What is being asked
Search the records for the string "Screw", then copy each line where it appears.

Records provided
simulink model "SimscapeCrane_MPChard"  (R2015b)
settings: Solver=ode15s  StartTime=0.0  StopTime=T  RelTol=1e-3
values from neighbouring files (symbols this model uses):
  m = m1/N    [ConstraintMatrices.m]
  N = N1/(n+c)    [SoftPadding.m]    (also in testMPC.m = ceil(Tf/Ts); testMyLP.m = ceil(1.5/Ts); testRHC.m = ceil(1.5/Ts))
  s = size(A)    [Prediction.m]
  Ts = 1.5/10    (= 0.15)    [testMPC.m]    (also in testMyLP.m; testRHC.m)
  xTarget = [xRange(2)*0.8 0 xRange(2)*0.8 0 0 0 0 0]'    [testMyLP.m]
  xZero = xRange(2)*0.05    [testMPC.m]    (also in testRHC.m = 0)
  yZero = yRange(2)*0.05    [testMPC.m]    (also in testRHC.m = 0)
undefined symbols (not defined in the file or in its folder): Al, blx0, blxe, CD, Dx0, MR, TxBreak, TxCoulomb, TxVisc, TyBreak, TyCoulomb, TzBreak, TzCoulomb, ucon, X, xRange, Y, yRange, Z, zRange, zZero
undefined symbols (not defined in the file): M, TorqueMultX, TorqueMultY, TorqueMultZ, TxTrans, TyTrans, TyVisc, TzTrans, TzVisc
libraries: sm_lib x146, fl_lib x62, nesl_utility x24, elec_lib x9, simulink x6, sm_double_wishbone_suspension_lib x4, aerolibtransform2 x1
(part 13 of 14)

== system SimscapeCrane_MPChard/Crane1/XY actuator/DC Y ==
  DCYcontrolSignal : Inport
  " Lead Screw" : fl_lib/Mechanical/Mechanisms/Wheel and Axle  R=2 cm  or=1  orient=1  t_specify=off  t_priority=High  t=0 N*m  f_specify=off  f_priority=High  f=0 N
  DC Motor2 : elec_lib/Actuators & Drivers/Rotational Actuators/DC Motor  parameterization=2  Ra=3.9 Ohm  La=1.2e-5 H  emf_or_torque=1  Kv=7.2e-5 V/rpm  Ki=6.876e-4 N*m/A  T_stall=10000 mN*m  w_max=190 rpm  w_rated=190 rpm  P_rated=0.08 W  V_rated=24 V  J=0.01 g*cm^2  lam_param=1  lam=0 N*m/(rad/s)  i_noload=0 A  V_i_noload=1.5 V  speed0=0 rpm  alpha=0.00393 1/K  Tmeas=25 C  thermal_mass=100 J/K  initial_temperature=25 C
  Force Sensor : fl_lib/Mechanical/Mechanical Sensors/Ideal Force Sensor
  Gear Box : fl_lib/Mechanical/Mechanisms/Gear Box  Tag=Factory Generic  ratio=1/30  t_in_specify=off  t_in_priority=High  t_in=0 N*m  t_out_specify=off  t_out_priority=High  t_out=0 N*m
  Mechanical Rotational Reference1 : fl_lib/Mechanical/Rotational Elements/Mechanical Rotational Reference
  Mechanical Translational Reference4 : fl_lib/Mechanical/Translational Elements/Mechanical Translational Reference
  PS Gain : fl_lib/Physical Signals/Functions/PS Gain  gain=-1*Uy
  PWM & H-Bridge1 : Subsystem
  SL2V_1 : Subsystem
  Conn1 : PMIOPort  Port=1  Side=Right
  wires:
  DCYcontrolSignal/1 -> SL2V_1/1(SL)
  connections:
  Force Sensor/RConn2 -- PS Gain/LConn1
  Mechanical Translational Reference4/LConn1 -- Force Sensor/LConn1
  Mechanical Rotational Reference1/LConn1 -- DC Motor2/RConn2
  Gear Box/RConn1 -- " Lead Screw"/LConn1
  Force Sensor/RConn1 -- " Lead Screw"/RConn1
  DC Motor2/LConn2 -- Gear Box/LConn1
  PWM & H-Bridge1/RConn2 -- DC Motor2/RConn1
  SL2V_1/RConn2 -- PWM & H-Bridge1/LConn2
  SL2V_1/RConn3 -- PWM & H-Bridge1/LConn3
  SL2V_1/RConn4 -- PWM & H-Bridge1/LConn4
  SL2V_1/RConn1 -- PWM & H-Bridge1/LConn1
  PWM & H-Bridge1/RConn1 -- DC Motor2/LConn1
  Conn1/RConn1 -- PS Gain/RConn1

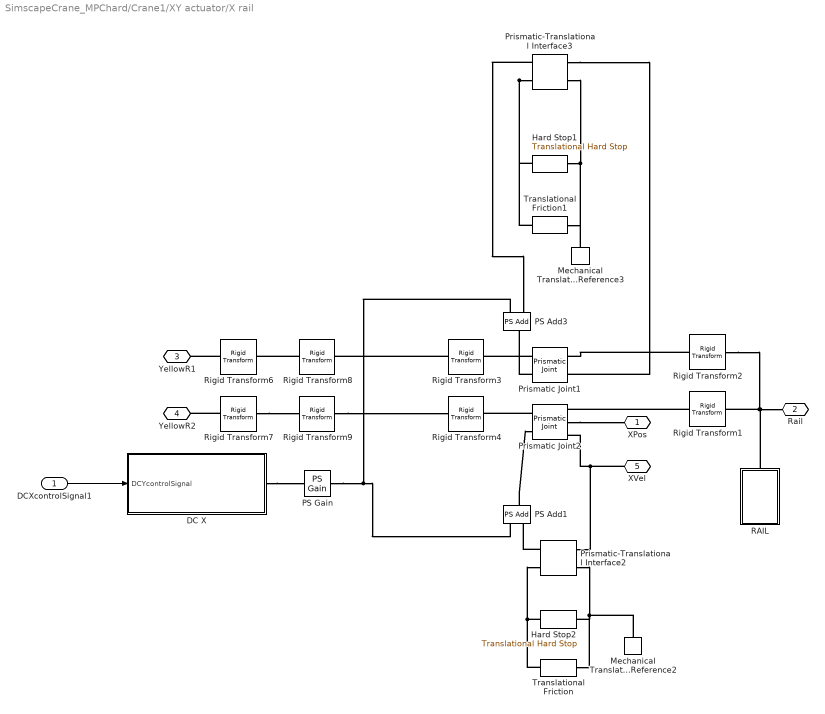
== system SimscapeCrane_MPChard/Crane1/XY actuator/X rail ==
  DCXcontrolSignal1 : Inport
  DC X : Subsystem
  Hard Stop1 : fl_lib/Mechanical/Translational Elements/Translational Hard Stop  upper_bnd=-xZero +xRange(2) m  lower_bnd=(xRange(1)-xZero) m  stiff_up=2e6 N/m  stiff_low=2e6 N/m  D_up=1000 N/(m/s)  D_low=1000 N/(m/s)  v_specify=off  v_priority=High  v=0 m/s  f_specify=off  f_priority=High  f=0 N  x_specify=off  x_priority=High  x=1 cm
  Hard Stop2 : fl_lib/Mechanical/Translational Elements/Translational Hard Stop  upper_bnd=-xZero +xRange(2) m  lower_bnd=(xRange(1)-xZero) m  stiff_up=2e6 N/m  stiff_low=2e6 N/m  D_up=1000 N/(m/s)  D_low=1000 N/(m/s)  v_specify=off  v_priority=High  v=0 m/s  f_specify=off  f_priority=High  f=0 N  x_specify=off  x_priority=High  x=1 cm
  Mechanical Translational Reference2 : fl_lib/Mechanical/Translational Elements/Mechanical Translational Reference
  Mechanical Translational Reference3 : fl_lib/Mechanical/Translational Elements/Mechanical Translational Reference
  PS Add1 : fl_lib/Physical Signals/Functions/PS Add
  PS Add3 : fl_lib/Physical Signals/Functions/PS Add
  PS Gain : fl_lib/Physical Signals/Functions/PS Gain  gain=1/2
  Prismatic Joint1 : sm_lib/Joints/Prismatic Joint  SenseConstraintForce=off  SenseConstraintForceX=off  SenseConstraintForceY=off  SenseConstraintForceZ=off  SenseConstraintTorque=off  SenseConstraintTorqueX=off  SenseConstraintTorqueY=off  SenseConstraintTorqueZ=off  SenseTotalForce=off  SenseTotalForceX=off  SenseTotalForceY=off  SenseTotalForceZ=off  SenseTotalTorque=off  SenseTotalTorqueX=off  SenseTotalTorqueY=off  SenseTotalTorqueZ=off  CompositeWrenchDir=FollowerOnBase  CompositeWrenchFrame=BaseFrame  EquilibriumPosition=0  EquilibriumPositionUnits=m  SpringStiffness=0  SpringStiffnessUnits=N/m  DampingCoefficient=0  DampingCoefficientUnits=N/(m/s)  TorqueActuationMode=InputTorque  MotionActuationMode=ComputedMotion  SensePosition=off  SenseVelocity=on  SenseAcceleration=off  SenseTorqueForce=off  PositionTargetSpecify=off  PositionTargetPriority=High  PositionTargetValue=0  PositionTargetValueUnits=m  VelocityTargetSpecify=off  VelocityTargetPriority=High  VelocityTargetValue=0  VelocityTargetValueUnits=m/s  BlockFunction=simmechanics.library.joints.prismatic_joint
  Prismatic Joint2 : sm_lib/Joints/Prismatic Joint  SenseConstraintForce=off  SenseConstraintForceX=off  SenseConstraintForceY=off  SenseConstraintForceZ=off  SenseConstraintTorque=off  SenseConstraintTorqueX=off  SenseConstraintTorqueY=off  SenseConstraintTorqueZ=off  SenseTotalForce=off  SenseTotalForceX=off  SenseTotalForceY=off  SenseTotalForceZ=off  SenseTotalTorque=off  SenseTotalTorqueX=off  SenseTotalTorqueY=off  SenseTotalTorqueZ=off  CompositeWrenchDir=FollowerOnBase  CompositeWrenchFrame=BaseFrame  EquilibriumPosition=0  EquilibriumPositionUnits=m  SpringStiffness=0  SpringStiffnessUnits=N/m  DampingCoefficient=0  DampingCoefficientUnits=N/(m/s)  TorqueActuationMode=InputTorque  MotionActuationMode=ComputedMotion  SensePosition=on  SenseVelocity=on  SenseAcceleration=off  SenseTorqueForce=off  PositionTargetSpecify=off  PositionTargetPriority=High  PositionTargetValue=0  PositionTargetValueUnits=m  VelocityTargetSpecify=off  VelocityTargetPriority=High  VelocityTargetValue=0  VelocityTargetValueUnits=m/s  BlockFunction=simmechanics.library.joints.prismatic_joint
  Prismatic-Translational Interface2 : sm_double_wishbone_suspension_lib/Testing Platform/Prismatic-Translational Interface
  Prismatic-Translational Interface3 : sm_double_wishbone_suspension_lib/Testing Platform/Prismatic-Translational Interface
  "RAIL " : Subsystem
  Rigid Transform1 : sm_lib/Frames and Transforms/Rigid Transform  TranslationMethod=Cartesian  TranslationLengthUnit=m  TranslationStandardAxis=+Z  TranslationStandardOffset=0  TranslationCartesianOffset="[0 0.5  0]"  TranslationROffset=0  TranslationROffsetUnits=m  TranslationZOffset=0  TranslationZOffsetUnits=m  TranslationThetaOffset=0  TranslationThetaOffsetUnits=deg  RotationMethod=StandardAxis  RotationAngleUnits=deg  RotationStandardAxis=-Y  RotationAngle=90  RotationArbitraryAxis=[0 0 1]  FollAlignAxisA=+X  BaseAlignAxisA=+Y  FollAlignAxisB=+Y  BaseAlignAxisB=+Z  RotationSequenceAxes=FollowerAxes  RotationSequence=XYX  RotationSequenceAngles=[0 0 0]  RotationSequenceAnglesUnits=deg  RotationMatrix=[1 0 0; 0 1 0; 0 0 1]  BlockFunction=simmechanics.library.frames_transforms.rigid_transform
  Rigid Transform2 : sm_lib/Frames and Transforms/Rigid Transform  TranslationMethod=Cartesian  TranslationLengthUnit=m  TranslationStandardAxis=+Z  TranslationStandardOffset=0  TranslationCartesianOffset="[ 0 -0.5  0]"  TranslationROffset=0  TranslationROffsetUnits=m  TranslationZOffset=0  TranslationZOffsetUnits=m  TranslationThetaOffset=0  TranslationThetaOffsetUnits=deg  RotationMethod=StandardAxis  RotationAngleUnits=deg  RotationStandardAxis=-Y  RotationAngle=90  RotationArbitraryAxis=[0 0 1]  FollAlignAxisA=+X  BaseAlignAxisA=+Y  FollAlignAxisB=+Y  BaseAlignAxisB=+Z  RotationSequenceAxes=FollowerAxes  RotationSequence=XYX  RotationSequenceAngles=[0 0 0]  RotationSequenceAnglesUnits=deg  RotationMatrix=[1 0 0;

Solution to the problem
  " Lead Screw" : fl_lib/Mechanical/Mechanisms/Wheel and Axle  R=2 cm  or=1  orient=1  t_specify=off  t_priority=High  t=0 N*m  f_specify=off  f_priority=High  f=0 N
  Gear Box/RConn1 -- " Lead Screw"/LConn1
  Force Sensor/RConn1 -- " Lead Screw"/RConn1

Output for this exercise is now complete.